● WHAT IS REQUIRED
From the line with "#22=AXIS2_PLACEMENT_3D('',#19,#20,#21);" to the line with "#61=CIRCLE('',#60,1.26999999999999);", retype every line exactly, including those two, and leave out the rest of the data below.

Records drawn from a dataset
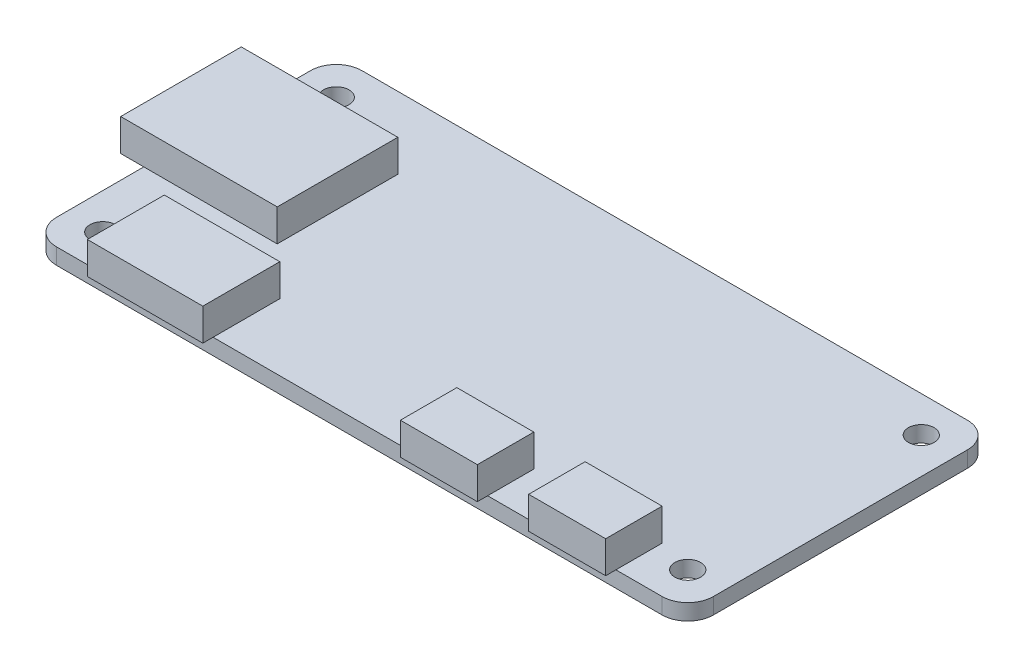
ISO-10303-21;
HEADER;
FILE_DESCRIPTION(('STEP AP214'),'2;1');
FILE_NAME('part.step','',(''),(''),'','','');
FILE_SCHEMA(('AUTOMOTIVE_DESIGN { 1 0 10303 214 1 1 1 1 }'));
ENDSEC;
DATA;
#1=APPLICATION_CONTEXT('core data for automotive mechanical design processes');
#2=APPLICATION_PROTOCOL_DEFINITION('international standard','automotive_design',2000,#1);
#3=PRODUCT_CONTEXT('',#1,'mechanical');
#4=PRODUCT('Part','Part','',(#3));
#5=PRODUCT_RELATED_PRODUCT_CATEGORY('part','',(#4));
#6=PRODUCT_DEFINITION_FORMATION('','',#4);
#7=PRODUCT_DEFINITION_CONTEXT('part definition',#1,'design');
#8=PRODUCT_DEFINITION('design','',#6,#7);
#9=PRODUCT_DEFINITION_SHAPE('','',#8);
#10=(LENGTH_UNIT() NAMED_UNIT(*) SI_UNIT(.MILLI.,.METRE.));
#11=(NAMED_UNIT(*) PLANE_ANGLE_UNIT() SI_UNIT($,.RADIAN.));
#12=(NAMED_UNIT(*) SI_UNIT($,.STERADIAN.) SOLID_ANGLE_UNIT());
#13=UNCERTAINTY_MEASURE_WITH_UNIT(LENGTH_MEASURE(1.E-05),#10,'distance_accuracy_value','');
#14=(GEOMETRIC_REPRESENTATION_CONTEXT(3) GLOBAL_UNCERTAINTY_ASSIGNED_CONTEXT((#13)) GLOBAL_UNIT_ASSIGNED_CONTEXT((#10,
#11,#12)) REPRESENTATION_CONTEXT('',''));
#15=CARTESIAN_POINT('',(0.,0.,0.));
#16=DIRECTION('',(0.,0.,1.));
#17=DIRECTION('',(1.,0.,0.));
#18=AXIS2_PLACEMENT_3D('',#15,#16,#17);
#19=CARTESIAN_POINT('',(2.54,1.5875,-2.54));
#20=DIRECTION('',(0.,-1.,0.));
#21=DIRECTION('',(0.,0.,-1.));
#22=AXIS2_PLACEMENT_3D('',#19,#20,#21);
#23=PLANE('',#22);
#24=CARTESIAN_POINT('',(3.556,1.5875,-26.67));
#25=DIRECTION('',(0.,1.,0.));
#26=DIRECTION('',(0.,0.,1.));
#27=AXIS2_PLACEMENT_3D('',#24,#25,#26);
#28=CIRCLE('',#27,1.27);
#29=CARTESIAN_POINT('',(3.556,1.5875,-25.4));
#30=VERTEX_POINT('',#29);
#31=EDGE_CURVE('E364',#30,#30,#28,.T.);
#32=ORIENTED_EDGE('',*,*,#31,.F.);
#33=EDGE_LOOP('',(#32));
#34=FACE_BOUND('',#33,.T.);
#35=CARTESIAN_POINT('',(3.556,1.5875,-3.556));
#36=DIRECTION('',(0.,1.,0.));
#37=DIRECTION('',(0.,0.,1.));
#38=AXIS2_PLACEMENT_3D('',#35,#36,#37);
#39=CIRCLE('',#38,1.27);
#40=CARTESIAN_POINT('',(3.556,1.5875,-2.286));
#41=VERTEX_POINT('',#40);
#42=EDGE_CURVE('E358',#41,#41,#39,.T.);
#43=ORIENTED_EDGE('',*,*,#42,.F.);
#44=EDGE_LOOP('',(#43));
#45=FACE_BOUND('',#44,.T.);
#46=CARTESIAN_POINT('',(61.468,1.5875,-3.556));
#47=DIRECTION('',(0.,1.,0.));
#48=DIRECTION('',(0.,0.,1.));
#49=AXIS2_PLACEMENT_3D('',#46,#47,#48);
#50=CIRCLE('',#49,1.26999999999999);
#51=CARTESIAN_POINT('',(61.468,1.5875,-2.28600000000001));
#52=VERTEX_POINT('',#51);
#53=EDGE_CURVE('E352',#52,#52,#50,.T.);
#54=ORIENTED_EDGE('',*,*,#53,.F.);
#55=EDGE_LOOP('',(#54));
#56=FACE_BOUND('',#55,.T.);
#57=CARTESIAN_POINT('',(61.468,1.5875,-26.67));
#58=DIRECTION('',(0.,1.,0.));
#59=DIRECTION('',(0.,0.,1.));
#60=AXIS2_PLACEMENT_3D('',#57,#58,#59);
#61=CIRCLE('',#60,1.26999999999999);
#62=CARTESIAN_POINT('',(61.468,1.5875,-25.4));
#63=VERTEX_POINT('',#62);
#64=EDGE_CURVE('E346',#63,#63,#61,.T.);
#65=ORIENTED_EDGE('',*,*,#64,.F.);
#66=EDGE_LOOP('',(#65));
#67=FACE_BOUND('',#66,.T.);
#68=DIRECTION('',(-1.,0.,0.));
#69=VECTOR('',#68,1.);
#70=CARTESIAN_POINT('',(13.208,1.5875,-23.114));
#71=LINE('',#70,#69);
#72=CARTESIAN_POINT('',(13.208,1.5875,-23.114));
#73=VERTEX_POINT('',#72);
#74=CARTESIAN_POINT('',(0.,1.5875,-23.114));
#75=VERTEX_POINT('',#74);
#76=EDGE_CURVE('E49',#73,#75,#71,.T.);
#77=ORIENTED_EDGE('',*,*,#76,.F.);
#78=DIRECTION('',(0.,0.,-1.));
#79=VECTOR('',#78,1.);
#80=CARTESIAN_POINT('',(13.208,1.5875,-23.114));
#81=LINE('',#80,#79);
#82=CARTESIAN_POINT('',(13.208,1.5875,-11.176));
#83=VERTEX_POINT('',#82);
#84=EDGE_CURVE('E54',#83,#73,#81,.T.);
#85=ORIENTED_EDGE('',*,*,#84,.F.);
#86=DIRECTION('',(1.,0.,0.));
#87=VECTOR('',#86,1.);
#88=CARTESIAN_POINT('',(13.208,1.5875,-11.176));
#89=LINE('',#88,#87);
#90=CARTESIAN_POINT('',(0.,1.5875,-11.176));
#91=VERTEX_POINT('',#90);
#92=EDGE_CURVE('E819',#91,#83,#89,.T.);
#93=ORIENTED_EDGE('',*,*,#92,.F.);
#94=DIRECTION('',(0.,0.,1.));
#95=VECTOR('',#94,1.);
#96=CARTESIAN_POINT('',(0.,1.5875,-2.54000000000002));
#97=LINE('',#96,#95);
#98=CARTESIAN_POINT('',(0.,1.5875,-2.54000000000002));
#99=VERTEX_POINT('',#98);
#100=EDGE_CURVE('E391',#91,#99,#97,.T.);
#101=ORIENTED_EDGE('',*,*,#100,.T.);
#102=CARTESIAN_POINT('',(2.54,1.5875,-2.54));
#103=DIRECTION('',(0.,1.,0.));
#104=DIRECTION('',(0.,0.,-1.));
#105=AXIS2_PLACEMENT_3D('',#102,#103,#104);
#106=CIRCLE('',#105,2.54);
#107=CARTESIAN_POINT('',(2.54000000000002,1.5875,0.));
#108=VERTEX_POINT('',#107);
#109=EDGE_CURVE('E370',#99,#108,#106,.T.);
#110=ORIENTED_EDGE('',*,*,#109,.T.);
#111=DIRECTION('',(1.,0.,0.));
#112=VECTOR('',#111,1.);
#113=CARTESIAN_POINT('',(2.54000000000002,1.5875,0.));
#114=LINE('',#113,#112);
#115=CARTESIAN_POINT('',(6.604,1.5875,0.));
#116=VERTEX_POINT('',#115);
#117=EDGE_CURVE('E375',#108,#116,#114,.T.);
#118=ORIENTED_EDGE('',*,*,#117,.T.);
#119=DIRECTION('',(0.,0.,1.));
#120=VECTOR('',#119,1.);
#121=CARTESIAN_POINT('',(6.604,1.5875,-6.604));
#122=LINE('',#121,#120);
#123=CARTESIAN_POINT('',(6.604,1.5875,-6.604));
#124=VERTEX_POINT('',#123);
#125=EDGE_CURVE('E243',#124,#116,#122,.T.);
#126=ORIENTED_EDGE('',*,*,#125,.F.);
#127=DIRECTION('',(-1.,0.,0.));
#128=VECTOR('',#127,1.);
#129=CARTESIAN_POINT('',(6.604,1.5875,-6.604));
#130=LINE('',#129,#128);
#131=CARTESIAN_POINT('',(18.034,1.5875,-6.604));
#132=VERTEX_POINT('',#131);
#133=EDGE_CURVE('E253',#132,#124,#130,.T.);
#134=ORIENTED_EDGE('',*,*,#133,.F.);
#135=DIRECTION('',(0.,0.,-1.));
#136=VECTOR('',#135,1.);
#137=CARTESIAN_POINT('',(18.034,1.5875,-6.604));
#138=LINE('',#137,#136);
#139=CARTESIAN_POINT('',(18.034,1.5875,0.));
#140=VERTEX_POINT('',#139);
#141=EDGE_CURVE('E263',#140,#132,#138,.T.);
#142=ORIENTED_EDGE('',*,*,#141,.F.);
#143=CARTESIAN_POINT('',(37.592,1.5875,0.));
#144=VERTEX_POINT('',#143);
#145=EDGE_CURVE('E380',#140,#144,#114,.T.);
#146=ORIENTED_EDGE('',*,*,#145,.T.);
#147=DIRECTION('',(0.,0.,1.));
#148=VECTOR('',#147,1.);
#149=CARTESIAN_POINT('',(37.592,1.5875,-4.572));
#150=LINE('',#149,#148);
#151=CARTESIAN_POINT('',(37.592,1.5875,-4.572));
#152=VERTEX_POINT('',#151);
#153=EDGE_CURVE('E292',#152,#144,#150,.T.);
#154=ORIENTED_EDGE('',*,*,#153,.F.);
#155=DIRECTION('',(-1.,0.,0.));
#156=VECTOR('',#155,1.);
#157=CARTESIAN_POINT('',(37.592,1.5875,-4.572));
#158=LINE('',#157,#156);
#159=CARTESIAN_POINT('',(45.212,1.5875,-4.572));
#160=VERTEX_POINT('',#159);
#161=EDGE_CURVE('E285',#160,#152,#158,.T.);
#162=ORIENTED_EDGE('',*,*,#161,.F.);
#163=DIRECTION('',(0.,0.,-1.));
#164=VECTOR('',#163,1.);
#165=CARTESIAN_POINT('',(45.212,1.5875,-4.572));
#166=LINE('',#165,#164);
#167=CARTESIAN_POINT('',(45.212,1.5875,0.));
#168=VERTEX_POINT('',#167);
#169=EDGE_CURVE('E297',#168,#160,#166,.T.);
#170=ORIENTED_EDGE('',*,*,#169,.F.);
#171=CARTESIAN_POINT('',(50.292,1.5875,0.));
#172=VERTEX_POINT('',#171);
#173=EDGE_CURVE('E460',#168,#172,#114,.T.);
#174=ORIENTED_EDGE('',*,*,#173,.T.);
#175=DIRECTION('',(0.,0.,1.));
#176=VECTOR('',#175,1.);
#177=CARTESIAN_POINT('',(50.292,1.5875,-4.572));
#178=LINE('',#177,#176);
#179=CARTESIAN_POINT('',(50.292,1.5875,-4.572));
#180=VERTEX_POINT('',#179);
#181=EDGE_CURVE('E326',#180,#172,#178,.T.);
#182=ORIENTED_EDGE('',*,*,#181,.F.);
#183=DIRECTION('',(-1.,0.,0.));
#184=VECTOR('',#183,1.);
#185=CARTESIAN_POINT('',(50.292,1.5875,-4.572));
#186=LINE('',#185,#184);
#187=CARTESIAN_POINT('',(57.912,1.5875,-4.572));
#188=VERTEX_POINT('',#187);
#189=EDGE_CURVE('E319',#188,#180,#186,.T.);
#190=ORIENTED_EDGE('',*,*,#189,.F.);
#191=DIRECTION('',(0.,0.,-1.));
#192=VECTOR('',#191,1.);
#193=CARTESIAN_POINT('',(57.912,1.5875,-4.572));
#194=LINE('',#193,#192);
#195=CARTESIAN_POINT('',(57.912,1.5875,0.));
#196=VERTEX_POINT('',#195);
#197=EDGE_CURVE('E11',#196,#188,#194,.T.);
#198=ORIENTED_EDGE('',*,*,#197,.F.);
#199=CARTESIAN_POINT('',(62.484,1.5875,0.));
#200=VERTEX_POINT('',#199);
#201=EDGE_CURVE('E373',#196,#200,#114,.T.);
#202=ORIENTED_EDGE('',*,*,#201,.T.);
#203=CARTESIAN_POINT('',(62.484,1.5875,-2.54));
#204=DIRECTION('',(0.,1.,0.));
#205=DIRECTION('',(0.,0.,1.));
#206=AXIS2_PLACEMENT_3D('',#203,#204,#205);
#207=CIRCLE('',#206,2.54);
#208=CARTESIAN_POINT('',(65.024,1.5875,-2.54000000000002));
#209=VERTEX_POINT('',#208);
#210=EDGE_CURVE('E378',#200,#209,#207,.T.);
#211=ORIENTED_EDGE('',*,*,#210,.T.);
#212=DIRECTION('',(0.,0.,-1.));
#213=VECTOR('',#212,1.);
#214=CARTESIAN_POINT('',(65.024,1.5875,-2.54000000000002));
#215=LINE('',#214,#213);
#216=CARTESIAN_POINT('',(65.024,1.5875,-27.686));
#217=VERTEX_POINT('',#216);
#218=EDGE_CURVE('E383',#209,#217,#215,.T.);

● TASK SOLUTION
#22=AXIS2_PLACEMENT_3D('',#19,#20,#21);
#23=PLANE('',#22);
#24=CARTESIAN_POINT('',(3.556,1.5875,-26.67));
#25=DIRECTION('',(0.,1.,0.));
#26=DIRECTION('',(0.,0.,1.));
#27=AXIS2_PLACEMENT_3D('',#24,#25,#26);
#28=CIRCLE('',#27,1.27);
#29=CARTESIAN_POINT('',(3.556,1.5875,-25.4));
#30=VERTEX_POINT('',#29);
#31=EDGE_CURVE('E364',#30,#30,#28,.T.);
#32=ORIENTED_EDGE('',*,*,#31,.F.);
#33=EDGE_LOOP('',(#32));
#34=FACE_BOUND('',#33,.T.);
#35=CARTESIAN_POINT('',(3.556,1.5875,-3.556));
#36=DIRECTION('',(0.,1.,0.));
#37=DIRECTION('',(0.,0.,1.));
#38=AXIS2_PLACEMENT_3D('',#35,#36,#37);
#39=CIRCLE('',#38,1.27);
#40=CARTESIAN_POINT('',(3.556,1.5875,-2.286));
#41=VERTEX_POINT('',#40);
#42=EDGE_CURVE('E358',#41,#41,#39,.T.);
#43=ORIENTED_EDGE('',*,*,#42,.F.);
#44=EDGE_LOOP('',(#43));
#45=FACE_BOUND('',#44,.T.);
#46=CARTESIAN_POINT('',(61.468,1.5875,-3.556));
#47=DIRECTION('',(0.,1.,0.));
#48=DIRECTION('',(0.,0.,1.));
#49=AXIS2_PLACEMENT_3D('',#46,#47,#48);
#50=CIRCLE('',#49,1.26999999999999);
#51=CARTESIAN_POINT('',(61.468,1.5875,-2.28600000000001));
#52=VERTEX_POINT('',#51);
#53=EDGE_CURVE('E352',#52,#52,#50,.T.);
#54=ORIENTED_EDGE('',*,*,#53,.F.);
#55=EDGE_LOOP('',(#54));
#56=FACE_BOUND('',#55,.T.);
#57=CARTESIAN_POINT('',(61.468,1.5875,-26.67));
#58=DIRECTION('',(0.,1.,0.));
#59=DIRECTION('',(0.,0.,1.));
#60=AXIS2_PLACEMENT_3D('',#57,#58,#59);
#61=CIRCLE('',#60,1.26999999999999);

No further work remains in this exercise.